TASK ITEM
Restate only the tail of the data below, starting at the line that contains "#146=MANIFOLD_SOLID_BREP('B2',#145);" and including the last line, word for word.

START INPUT RECORDS

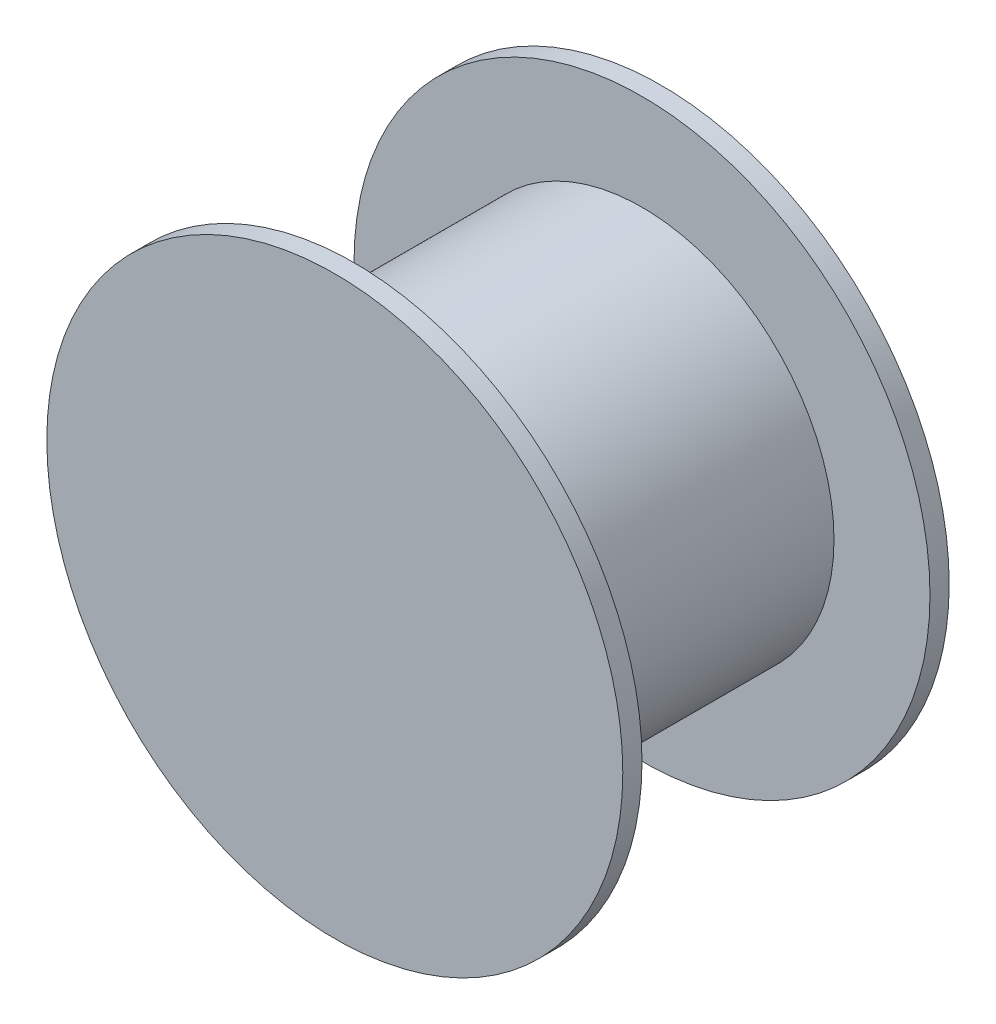
ISO-10303-21;
HEADER;
FILE_DESCRIPTION(('STEP AP214'),'2;1');
FILE_NAME('part.step','',(''),(''),'','','');
FILE_SCHEMA(('AUTOMOTIVE_DESIGN { 1 0 10303 214 1 1 1 1 }'));
ENDSEC;
DATA;
#1=APPLICATION_CONTEXT('core data for automotive mechanical design processes');
#2=APPLICATION_PROTOCOL_DEFINITION('international standard','automotive_design',2000,#1);
#3=PRODUCT_CONTEXT('',#1,'mechanical');
#4=PRODUCT('Part','Part','',(#3));
#5=PRODUCT_RELATED_PRODUCT_CATEGORY('part','',(#4));
#6=PRODUCT_DEFINITION_FORMATION('','',#4);
#7=PRODUCT_DEFINITION_CONTEXT('part definition',#1,'design');
#8=PRODUCT_DEFINITION('design','',#6,#7);
#9=PRODUCT_DEFINITION_SHAPE('','',#8);
#10=(LENGTH_UNIT() NAMED_UNIT(*) SI_UNIT(.MILLI.,.METRE.));
#11=(NAMED_UNIT(*) PLANE_ANGLE_UNIT() SI_UNIT($,.RADIAN.));
#12=(NAMED_UNIT(*) SI_UNIT($,.STERADIAN.) SOLID_ANGLE_UNIT());
#13=UNCERTAINTY_MEASURE_WITH_UNIT(LENGTH_MEASURE(1.E-05),#10,'distance_accuracy_value','');
#14=(GEOMETRIC_REPRESENTATION_CONTEXT(3) GLOBAL_UNCERTAINTY_ASSIGNED_CONTEXT((#13)) GLOBAL_UNIT_ASSIGNED_CONTEXT((#10,
#11,#12)) REPRESENTATION_CONTEXT('',''));
#15=CARTESIAN_POINT('',(0.,0.,0.));
#16=DIRECTION('',(0.,0.,1.));
#17=DIRECTION('',(1.,0.,0.));
#18=AXIS2_PLACEMENT_3D('',#15,#16,#17);
#19=CARTESIAN_POINT('',(0.,0.,10.9));
#20=DIRECTION('',(0.,0.,-1.));
#21=DIRECTION('',(-1.,0.,0.));
#22=AXIS2_PLACEMENT_3D('',#19,#20,#21);
#23=CYLINDRICAL_SURFACE('',#22,4.);
#24=CARTESIAN_POINT('',(0.,0.,4.5));
#25=DIRECTION('',(0.,0.,1.));
#26=DIRECTION('',(1.,0.,0.));
#27=AXIS2_PLACEMENT_3D('',#24,#25,#26);
#28=CIRCLE('',#27,4.);
#29=CARTESIAN_POINT('',(4.,0.,4.5));
#30=VERTEX_POINT('',#29);
#31=EDGE_CURVE('E60',#30,#30,#28,.T.);
#32=ORIENTED_EDGE('',*,*,#31,.T.);
#33=EDGE_LOOP('',(#32));
#34=FACE_BOUND('',#33,.T.);
#35=CARTESIAN_POINT('',(0.,0.,10.5));
#36=DIRECTION('',(0.,0.,1.));
#37=DIRECTION('',(1.,0.,0.));
#38=AXIS2_PLACEMENT_3D('',#35,#36,#37);
#39=CIRCLE('',#38,4.);
#40=CARTESIAN_POINT('',(4.,0.,10.5));
#41=VERTEX_POINT('',#40);
#42=EDGE_CURVE('E10',#41,#41,#39,.T.);
#43=ORIENTED_EDGE('',*,*,#42,.F.);
#44=EDGE_LOOP('',(#43));
#45=FACE_BOUND('',#44,.T.);
#46=ADVANCED_FACE('F42',(#34,#45),#23,.T.);
#47=CARTESIAN_POINT('',(0.,0.,10.5));
#48=DIRECTION('',(0.,0.,1.));
#49=DIRECTION('',(1.,0.,0.));
#50=AXIS2_PLACEMENT_3D('',#47,#48,#49);
#51=CYLINDRICAL_SURFACE('',#50,6.);
#52=CARTESIAN_POINT('',(0.,0.,10.5));
#53=DIRECTION('',(0.,0.,1.));
#54=DIRECTION('',(1.,0.,0.));
#55=AXIS2_PLACEMENT_3D('',#52,#53,#54);
#56=CIRCLE('',#55,6.);
#57=CARTESIAN_POINT('',(6.,0.,10.5));
#58=VERTEX_POINT('',#57);
#59=EDGE_CURVE('E49',#58,#58,#56,.T.);
#60=ORIENTED_EDGE('',*,*,#59,.T.);
#61=EDGE_LOOP('',(#60));
#62=FACE_BOUND('',#61,.T.);
#63=CARTESIAN_POINT('',(0.,0.,10.9));
#64=DIRECTION('',(0.,0.,1.));
#65=DIRECTION('',(1.,0.,0.));
#66=AXIS2_PLACEMENT_3D('',#63,#64,#65);
#67=CIRCLE('',#66,6.);
#68=CARTESIAN_POINT('',(6.,0.,10.9));
#69=VERTEX_POINT('',#68);
#70=EDGE_CURVE('E54',#69,#69,#67,.T.);
#71=ORIENTED_EDGE('',*,*,#70,.F.);
#72=EDGE_LOOP('',(#71));
#73=FACE_BOUND('',#72,.T.);
#74=ADVANCED_FACE('F91',(#62,#73),#51,.T.);
#75=CARTESIAN_POINT('',(0.,0.,10.5));
#76=DIRECTION('',(0.,0.,1.));
#77=DIRECTION('',(1.,0.,0.));
#78=AXIS2_PLACEMENT_3D('',#75,#76,#77);
#79=PLANE('',#78);
#80=ORIENTED_EDGE('',*,*,#42,.T.);
#81=EDGE_LOOP('',(#80));
#82=FACE_BOUND('',#81,.T.);
#83=ORIENTED_EDGE('',*,*,#59,.F.);
#84=EDGE_LOOP('',(#83));
#85=FACE_BOUND('',#84,.T.);
#86=ADVANCED_FACE('F95',(#82,#85),#79,.F.);
#87=CARTESIAN_POINT('',(0.,0.,10.9));
#88=DIRECTION('',(0.,0.,1.));
#89=DIRECTION('',(1.,0.,0.));
#90=AXIS2_PLACEMENT_3D('',#87,#88,#89);
#91=PLANE('',#90);
#92=ORIENTED_EDGE('',*,*,#70,.T.);
#93=EDGE_LOOP('',(#92));
#94=FACE_BOUND('',#93,.T.);
#95=ADVANCED_FACE('F101',(#94),#91,.T.);
#96=CARTESIAN_POINT('',(0.,0.,4.5));
#97=DIRECTION('',(0.,0.,-1.));
#98=DIRECTION('',(-1.,0.,0.));
#99=AXIS2_PLACEMENT_3D('',#96,#97,#98);
#100=CYLINDRICAL_SURFACE('',#99,6.);
#101=CARTESIAN_POINT('',(0.,0.,4.5));
#102=DIRECTION('',(0.,0.,1.));
#103=DIRECTION('',(1.,0.,0.));
#104=AXIS2_PLACEMENT_3D('',#101,#102,#103);
#105=CIRCLE('',#104,6.);
#106=CARTESIAN_POINT('',(6.,0.,4.5));
#107=VERTEX_POINT('',#106);
#108=EDGE_CURVE('E67',#107,#107,#105,.T.);
#109=ORIENTED_EDGE('',*,*,#108,.F.);
#110=EDGE_LOOP('',(#109));
#111=FACE_BOUND('',#110,.T.);
#112=CARTESIAN_POINT('',(0.,0.,4.1));
#113=DIRECTION('',(0.,0.,1.));
#114=DIRECTION('',(1.,0.,0.));
#115=AXIS2_PLACEMENT_3D('',#112,#113,#114);
#116=CIRCLE('',#115,6.);
#117=CARTESIAN_POINT('',(6.,0.,4.1));
#118=VERTEX_POINT('',#117);
#119=EDGE_CURVE('E63',#118,#118,#116,.T.);
#120=ORIENTED_EDGE('',*,*,#119,.T.);
#121=EDGE_LOOP('',(#120));
#122=FACE_BOUND('',#121,.T.);
#123=ADVANCED_FACE('F78',(#111,#122),#100,.T.);
#124=CARTESIAN_POINT('',(0.,0.,4.5));
#125=DIRECTION('',(0.,0.,-1.));
#126=DIRECTION('',(1.,0.,0.));
#127=AXIS2_PLACEMENT_3D('',#124,#125,#126);
#128=PLANE('',#127);
#129=ORIENTED_EDGE('',*,*,#31,.F.);
#130=EDGE_LOOP('',(#129));
#131=FACE_BOUND('',#130,.T.);
#132=ORIENTED_EDGE('',*,*,#108,.T.);
#133=EDGE_LOOP('',(#132));
#134=FACE_BOUND('',#133,.T.);
#135=ADVANCED_FACE('F82',(#131,#134),#128,.F.);
#136=CARTESIAN_POINT('',(0.,0.,4.1));
#137=DIRECTION('',(0.,0.,-1.));
#138=DIRECTION('',(1.,0.,0.));
#139=AXIS2_PLACEMENT_3D('',#136,#137,#138);
#140=PLANE('',#139);
#141=ORIENTED_EDGE('',*,*,#119,.F.);
#142=EDGE_LOOP('',(#141));
#143=FACE_BOUND('',#142,.T.);
#144=ADVANCED_FACE('F80',(#143),#140,.T.);
#145=CLOSED_SHELL('',(#46,#74,#86,#95,#123,#135,#144));
#146=MANIFOLD_SOLID_BREP('B2',#145);
#147=ADVANCED_BREP_SHAPE_REPRESENTATION('',(#18,#146),#14);
#148=SHAPE_DEFINITION_REPRESENTATION(#9,#147);
ENDSEC;
END-ISO-10303-21;

END INPUT RECORDS

RESPONSE FOR THIS EXERCISE
#146=MANIFOLD_SOLID_BREP('B2',#145);
#147=ADVANCED_BREP_SHAPE_REPRESENTATION('',(#18,#146),#14);
#148=SHAPE_DEFINITION_REPRESENTATION(#9,#147);
ENDSEC;
END-ISO-10303-21;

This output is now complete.